# ACTIVITY
Go through the entries and say how many lines contain the string "units". The number is the whole answer.

# Source records
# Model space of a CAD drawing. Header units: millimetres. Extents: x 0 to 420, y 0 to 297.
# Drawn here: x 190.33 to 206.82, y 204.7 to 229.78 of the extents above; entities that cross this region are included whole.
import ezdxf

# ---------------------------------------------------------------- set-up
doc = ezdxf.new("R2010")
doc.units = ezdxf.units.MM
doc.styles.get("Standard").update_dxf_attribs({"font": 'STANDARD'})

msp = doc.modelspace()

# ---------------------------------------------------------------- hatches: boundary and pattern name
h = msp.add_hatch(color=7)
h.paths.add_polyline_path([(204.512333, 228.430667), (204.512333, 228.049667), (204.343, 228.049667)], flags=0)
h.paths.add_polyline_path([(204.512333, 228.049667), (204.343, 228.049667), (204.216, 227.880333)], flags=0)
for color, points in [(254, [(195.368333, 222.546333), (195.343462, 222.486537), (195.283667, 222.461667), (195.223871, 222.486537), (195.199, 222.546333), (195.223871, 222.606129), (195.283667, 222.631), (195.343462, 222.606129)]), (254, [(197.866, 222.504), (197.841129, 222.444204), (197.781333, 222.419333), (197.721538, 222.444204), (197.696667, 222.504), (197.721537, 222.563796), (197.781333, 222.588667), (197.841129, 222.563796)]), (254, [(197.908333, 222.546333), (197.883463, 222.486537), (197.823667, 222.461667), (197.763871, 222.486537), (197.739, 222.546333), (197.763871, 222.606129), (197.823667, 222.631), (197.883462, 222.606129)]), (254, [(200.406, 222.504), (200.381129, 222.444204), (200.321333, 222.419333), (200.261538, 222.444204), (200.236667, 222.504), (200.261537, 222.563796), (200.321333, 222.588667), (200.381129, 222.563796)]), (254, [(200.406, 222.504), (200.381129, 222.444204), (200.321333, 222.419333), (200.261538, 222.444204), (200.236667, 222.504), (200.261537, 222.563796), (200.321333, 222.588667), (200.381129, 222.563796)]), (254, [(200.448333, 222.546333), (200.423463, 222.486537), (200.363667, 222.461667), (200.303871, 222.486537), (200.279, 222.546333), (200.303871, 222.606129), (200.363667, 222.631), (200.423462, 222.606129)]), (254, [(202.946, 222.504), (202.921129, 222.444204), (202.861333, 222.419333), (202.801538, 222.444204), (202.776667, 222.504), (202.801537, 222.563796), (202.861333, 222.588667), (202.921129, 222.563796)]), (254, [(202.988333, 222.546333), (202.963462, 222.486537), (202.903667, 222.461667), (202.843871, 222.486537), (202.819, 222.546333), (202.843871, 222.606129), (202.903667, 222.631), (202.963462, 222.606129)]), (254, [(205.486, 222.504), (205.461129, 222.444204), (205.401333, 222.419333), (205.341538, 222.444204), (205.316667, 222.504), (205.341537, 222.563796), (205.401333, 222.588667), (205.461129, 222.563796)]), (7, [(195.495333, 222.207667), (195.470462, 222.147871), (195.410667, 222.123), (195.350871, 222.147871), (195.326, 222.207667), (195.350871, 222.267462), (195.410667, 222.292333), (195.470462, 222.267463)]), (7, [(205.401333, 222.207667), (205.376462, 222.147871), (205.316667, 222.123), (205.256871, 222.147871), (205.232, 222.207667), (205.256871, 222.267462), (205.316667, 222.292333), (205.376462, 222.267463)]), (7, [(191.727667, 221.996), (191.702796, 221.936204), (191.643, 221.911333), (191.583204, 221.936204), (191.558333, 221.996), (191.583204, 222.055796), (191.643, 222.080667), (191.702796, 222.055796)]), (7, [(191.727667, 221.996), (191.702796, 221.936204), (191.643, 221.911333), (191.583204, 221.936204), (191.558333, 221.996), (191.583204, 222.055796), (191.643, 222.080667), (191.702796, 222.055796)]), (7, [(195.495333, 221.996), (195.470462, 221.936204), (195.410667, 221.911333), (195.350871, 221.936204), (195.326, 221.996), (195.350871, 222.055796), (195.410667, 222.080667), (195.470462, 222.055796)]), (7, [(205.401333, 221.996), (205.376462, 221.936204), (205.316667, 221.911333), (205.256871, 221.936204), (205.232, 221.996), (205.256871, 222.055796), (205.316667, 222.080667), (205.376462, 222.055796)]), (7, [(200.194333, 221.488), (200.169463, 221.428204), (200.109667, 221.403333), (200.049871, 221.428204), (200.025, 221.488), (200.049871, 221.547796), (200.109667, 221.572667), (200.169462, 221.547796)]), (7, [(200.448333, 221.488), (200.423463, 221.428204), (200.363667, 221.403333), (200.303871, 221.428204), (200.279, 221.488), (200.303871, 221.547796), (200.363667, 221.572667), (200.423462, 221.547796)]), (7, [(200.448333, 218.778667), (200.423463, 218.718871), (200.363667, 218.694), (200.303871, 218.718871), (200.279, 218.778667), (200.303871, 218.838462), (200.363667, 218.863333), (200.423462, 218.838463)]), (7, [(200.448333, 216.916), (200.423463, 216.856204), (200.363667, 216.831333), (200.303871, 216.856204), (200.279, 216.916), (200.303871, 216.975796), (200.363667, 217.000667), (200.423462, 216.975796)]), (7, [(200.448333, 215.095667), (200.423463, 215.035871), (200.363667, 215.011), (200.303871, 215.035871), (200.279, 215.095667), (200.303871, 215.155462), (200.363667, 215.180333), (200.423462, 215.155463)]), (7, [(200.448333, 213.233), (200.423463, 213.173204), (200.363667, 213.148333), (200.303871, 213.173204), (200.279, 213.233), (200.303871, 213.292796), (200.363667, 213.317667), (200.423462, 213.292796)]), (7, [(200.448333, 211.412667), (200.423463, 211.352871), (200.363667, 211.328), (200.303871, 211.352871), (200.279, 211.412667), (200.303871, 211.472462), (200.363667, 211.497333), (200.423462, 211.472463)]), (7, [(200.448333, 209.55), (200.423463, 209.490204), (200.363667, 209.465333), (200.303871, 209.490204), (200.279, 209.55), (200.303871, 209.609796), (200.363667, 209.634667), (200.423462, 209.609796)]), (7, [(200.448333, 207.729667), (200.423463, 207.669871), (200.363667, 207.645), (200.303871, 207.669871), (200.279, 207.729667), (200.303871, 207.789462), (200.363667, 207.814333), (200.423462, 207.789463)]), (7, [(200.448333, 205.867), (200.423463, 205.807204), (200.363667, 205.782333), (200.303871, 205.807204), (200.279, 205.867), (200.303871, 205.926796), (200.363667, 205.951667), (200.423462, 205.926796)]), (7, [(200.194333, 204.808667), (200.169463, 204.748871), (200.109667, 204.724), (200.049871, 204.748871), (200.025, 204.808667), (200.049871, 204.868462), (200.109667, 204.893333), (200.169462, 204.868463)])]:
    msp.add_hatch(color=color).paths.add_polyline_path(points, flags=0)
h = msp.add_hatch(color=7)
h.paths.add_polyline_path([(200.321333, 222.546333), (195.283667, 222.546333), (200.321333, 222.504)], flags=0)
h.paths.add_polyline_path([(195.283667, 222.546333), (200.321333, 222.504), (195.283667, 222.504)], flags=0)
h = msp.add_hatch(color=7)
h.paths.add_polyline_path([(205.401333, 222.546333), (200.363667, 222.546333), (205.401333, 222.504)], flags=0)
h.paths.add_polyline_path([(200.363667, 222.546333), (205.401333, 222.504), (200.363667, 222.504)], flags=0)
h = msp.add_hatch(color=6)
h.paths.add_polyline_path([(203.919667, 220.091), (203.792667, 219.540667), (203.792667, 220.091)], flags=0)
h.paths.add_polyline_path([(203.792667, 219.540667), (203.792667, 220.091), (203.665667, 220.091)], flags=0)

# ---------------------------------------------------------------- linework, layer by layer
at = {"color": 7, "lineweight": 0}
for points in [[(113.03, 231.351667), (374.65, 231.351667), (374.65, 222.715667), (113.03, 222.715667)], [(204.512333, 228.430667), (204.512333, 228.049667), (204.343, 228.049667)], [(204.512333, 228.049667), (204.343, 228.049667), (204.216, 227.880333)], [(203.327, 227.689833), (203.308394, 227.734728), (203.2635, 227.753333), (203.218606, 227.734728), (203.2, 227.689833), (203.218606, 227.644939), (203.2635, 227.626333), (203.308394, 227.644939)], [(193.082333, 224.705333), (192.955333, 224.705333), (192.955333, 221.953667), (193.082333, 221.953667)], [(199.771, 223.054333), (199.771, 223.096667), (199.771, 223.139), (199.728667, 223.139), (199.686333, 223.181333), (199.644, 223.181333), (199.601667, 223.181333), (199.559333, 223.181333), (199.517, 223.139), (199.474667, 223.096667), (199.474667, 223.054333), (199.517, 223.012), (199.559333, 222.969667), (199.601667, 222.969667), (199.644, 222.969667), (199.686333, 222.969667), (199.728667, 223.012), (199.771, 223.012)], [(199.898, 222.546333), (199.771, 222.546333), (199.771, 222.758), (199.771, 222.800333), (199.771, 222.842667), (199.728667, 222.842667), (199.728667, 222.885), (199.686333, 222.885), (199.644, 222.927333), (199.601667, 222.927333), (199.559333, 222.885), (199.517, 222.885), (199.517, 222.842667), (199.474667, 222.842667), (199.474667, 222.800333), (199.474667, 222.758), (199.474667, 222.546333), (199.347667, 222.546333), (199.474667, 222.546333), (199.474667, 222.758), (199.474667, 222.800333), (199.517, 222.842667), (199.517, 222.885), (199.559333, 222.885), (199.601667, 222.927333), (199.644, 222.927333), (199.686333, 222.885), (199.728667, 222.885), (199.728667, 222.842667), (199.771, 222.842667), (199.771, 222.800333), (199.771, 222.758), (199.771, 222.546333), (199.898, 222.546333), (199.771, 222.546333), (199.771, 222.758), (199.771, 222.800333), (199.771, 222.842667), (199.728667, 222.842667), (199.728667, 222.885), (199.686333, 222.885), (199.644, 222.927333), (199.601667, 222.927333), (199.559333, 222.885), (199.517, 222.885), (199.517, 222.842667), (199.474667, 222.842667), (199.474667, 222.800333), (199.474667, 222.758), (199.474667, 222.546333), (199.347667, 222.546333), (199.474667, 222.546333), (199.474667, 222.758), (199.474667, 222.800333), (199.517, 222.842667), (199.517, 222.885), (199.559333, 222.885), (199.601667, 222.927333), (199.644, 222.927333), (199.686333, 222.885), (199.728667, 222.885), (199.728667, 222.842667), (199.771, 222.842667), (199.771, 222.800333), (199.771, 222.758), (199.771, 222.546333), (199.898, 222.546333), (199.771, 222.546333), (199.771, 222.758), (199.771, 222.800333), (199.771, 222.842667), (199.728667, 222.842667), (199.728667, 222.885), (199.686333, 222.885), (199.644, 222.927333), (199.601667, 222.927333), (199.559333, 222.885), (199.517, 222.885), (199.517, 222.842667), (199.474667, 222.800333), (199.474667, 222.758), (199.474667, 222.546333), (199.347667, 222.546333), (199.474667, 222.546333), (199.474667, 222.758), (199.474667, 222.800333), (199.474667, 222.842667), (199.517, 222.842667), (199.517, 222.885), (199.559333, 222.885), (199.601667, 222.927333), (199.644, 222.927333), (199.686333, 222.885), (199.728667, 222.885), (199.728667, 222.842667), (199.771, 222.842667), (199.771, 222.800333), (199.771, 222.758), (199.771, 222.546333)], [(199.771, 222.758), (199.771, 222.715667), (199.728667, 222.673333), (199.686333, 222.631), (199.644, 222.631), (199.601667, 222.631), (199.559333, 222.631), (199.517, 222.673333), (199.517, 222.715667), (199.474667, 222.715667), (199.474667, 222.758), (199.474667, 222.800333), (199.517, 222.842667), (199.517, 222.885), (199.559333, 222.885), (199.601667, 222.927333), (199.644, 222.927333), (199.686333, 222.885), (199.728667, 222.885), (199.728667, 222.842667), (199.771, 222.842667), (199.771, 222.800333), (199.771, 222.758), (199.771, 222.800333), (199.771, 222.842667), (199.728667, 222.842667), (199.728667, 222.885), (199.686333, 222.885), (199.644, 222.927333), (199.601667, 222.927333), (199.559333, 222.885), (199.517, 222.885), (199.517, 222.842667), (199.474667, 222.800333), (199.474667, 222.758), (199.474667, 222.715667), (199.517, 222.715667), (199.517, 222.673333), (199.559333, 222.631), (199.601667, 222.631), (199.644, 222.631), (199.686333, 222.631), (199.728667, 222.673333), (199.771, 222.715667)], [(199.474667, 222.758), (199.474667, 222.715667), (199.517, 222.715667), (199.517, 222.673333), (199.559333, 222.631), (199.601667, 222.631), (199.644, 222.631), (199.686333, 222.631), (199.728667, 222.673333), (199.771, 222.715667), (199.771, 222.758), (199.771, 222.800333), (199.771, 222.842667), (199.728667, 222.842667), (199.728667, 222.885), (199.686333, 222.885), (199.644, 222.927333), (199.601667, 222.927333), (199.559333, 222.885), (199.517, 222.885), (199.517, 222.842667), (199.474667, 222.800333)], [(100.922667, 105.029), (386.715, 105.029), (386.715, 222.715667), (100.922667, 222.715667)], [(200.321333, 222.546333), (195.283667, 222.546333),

# COMPLETED TASK
2